Next Generation Materials

Advances in materials science are contributing to the development of new, cost-effective materials for solar panels. This includes the exploration of organic photovoltaics and other thin-film technologies that offer flexibility and potential applications in diverse settings.

Energy Storage Integration

The integration of advanced energy storage technologies, such as improved batteries and other storage systems, will enhance the reliability and flexibility of solar power, enabling it to meet demand even when the sun is not shining.

Smart Grids and Grid Integration

Advanced grid management systems will enable better integration of solar power into existing electricity grids, providing stability and facilitating the efficient distribution of electricity.

Floating Solar Farms

The concept of floating solar farms on bodies of water, such as lakes and reservoirs, is gaining attention. These installations not only make efficient use of available space but also reduce water evaporation and provide additional benefits in terms of cooling effects on solar panels.

Solar in Urban Environments

Integrated solar solutions within urban environments, such as solar windows, solar-integrated building materials, and solar roadways, are areas of ongoing research. These innovations aim to maximize the use of available space in urban settings for solar energy generation.

Increased Electrification of Transportation

The electrification of transportation, including electric vehicles (EVs) and solar-powered charging stations, will drive the demand for solar energy.

Decentralization and Energy Independence

The future of solar energy is likely to see increased decentralization, with a growing number of homes, businesses, and communities generating their power.
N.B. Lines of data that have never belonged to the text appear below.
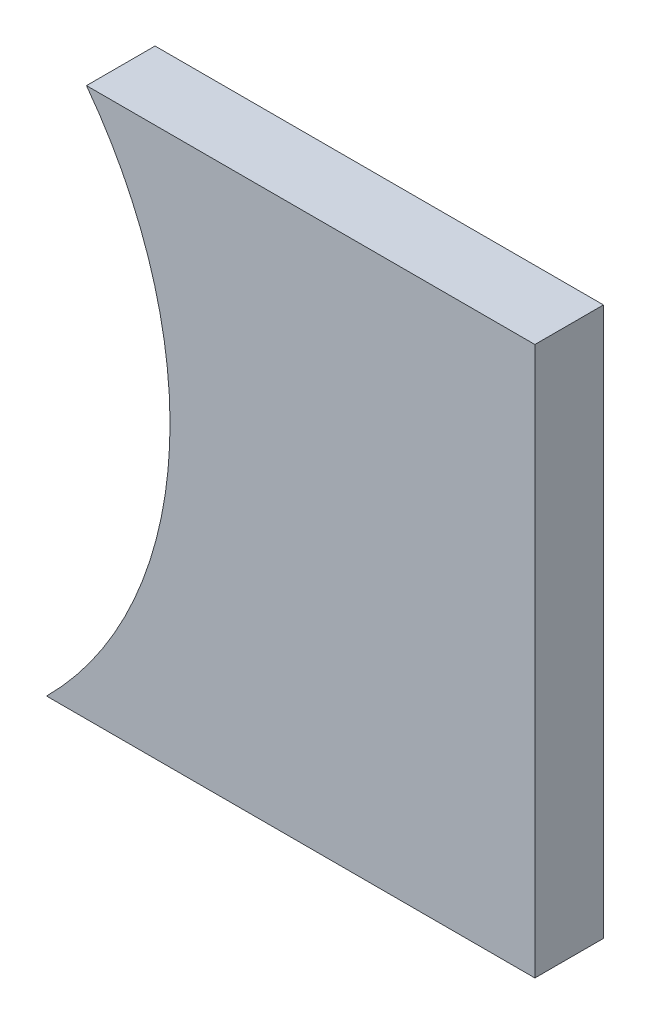
from build123d import *

# Parameters (mm, degrees)
DODANIE_WYCI_GNI_CIE1_DEPTH = 2
SZKIC2_W                    = 5
SZKIC2_H                    = 16
WYTNIJ_WYCI_GNI_CIE1_DEPTH  = 5
WYTNIJ_WYCI_GNI_CIE2_DEPTH  = 10


with BuildPart() as part:
    # Szkic1 → Dodanie-wyciągnięcie1 (new body)
    with BuildSketch(Plane.XY):
        Polygon((39.660703644, 7.348041155), (39.998203889, -8.651958845), (67.367690874, -8.651958845), (67.367690874, 7.348041155), align=None)
    extrude(amount=-DODANIE_WYCI_GNI_CIE1_DEPTH)

    # Szkic2 → Wytnij-wyciągnięcie1 (cut)
    with BuildSketch(Plane.XY):
        with Locations((64.867690874, -0.651958845)):
            Rectangle(SZKIC2_W, SZKIC2_H)
    extrude(amount=-WYTNIJ_WYCI_GNI_CIE1_DEPTH, mode=Mode.SUBTRACT)

    # Szkic3 → Wytnij-wyciągnięcie2 (cut)
    with BuildSketch(Plane.XY):
        with BuildLine():
            Line((39.660703644, 7.348041155), (39.998203889, -8.651958845))
            Line((39.998203889, -8.651958845), (48.125210145, -8.651958845))
            ThreePointArc((48.125210145, -8.651958845), (51.694710699, -0.869414217), (49.289973229, 7.348041155))
            Line((49.289973229, 7.348041155), (39.660703644, 7.348041155))
        make_face()
    extrude(amount=-WYTNIJ_WYCI_GNI_CIE2_DEPTH, mode=Mode.SUBTRACT)


solid = part.part

Global Expansion and Market Growth

The global deployment of solar energy is expected to continue expanding. Many countries are setting ambitious targets for renewable energy adoption, and solar power will play a significant role in achieving these goals.

Policy Support and Financing

Governments and businesses worldwide are recognizing the importance of clean energy and are likely to implement policies encouraging the transition to solar power.

Technological Convergence

The convergence of solar energy with other technologies, such as artificial intelligence, blockchain, and the Internet of Things (IoT), is likely to enhance the monitoring, control, and optimization of solar energy systems.

Timeline with the main milestones in the history of solar energy

• 7th Century BCE: The ancient Greeks and Romans use architecture to capture solar energy for heating.
• 1839: Alexandre-Edmond Becquerel discovers the photovoltaic effect.
• 1876: William Grylls Adams and Richard Evans Day discover that selenium produces electricity when exposed to light.
• 1883: Charles Fritts creates the first solar cell by coating selenium with a thin layer of gold.
• 1954: Bell Labs develops the first practical photovoltaic (PV) cell using silicon.
• 1958: Vanguard 1, the first solar-powered satellite, is launched.
• 1970s: Solar-powered calculators and small electronic devices become commercially available.
• 1980s: The U.S. and other countries start implementing policies and incentives to promote solar energy.
• 1990s: Grid-connected solar systems become more common; Germany introduces feed-in tariffs.
• 2001: The International Energy Agency (IEA) establishes the Photovoltaic Power Systems Programme (PVPS).
• 2004: The U.S. Department of Energy launches the Solar America Initiative.
• 2008: The first feed-in tariff for solar power is introduced in Ontario, Canada.
• 2010s: Rapid growth in solar installations globally; costs of solar panels continue to decline.
• 2015: The International Solar Alliance (ISA) is launched to promote solar energy in 121 countries.
• 2016: Solar becomes the cheapest form of new electricity in many parts of the world.
• 2018: China surpasses 175 GW of installed solar capacity, becoming a global leader.
• 2020s: Continued growth in solar installations; increased focus on energy storage and solar-plus-storage solutions.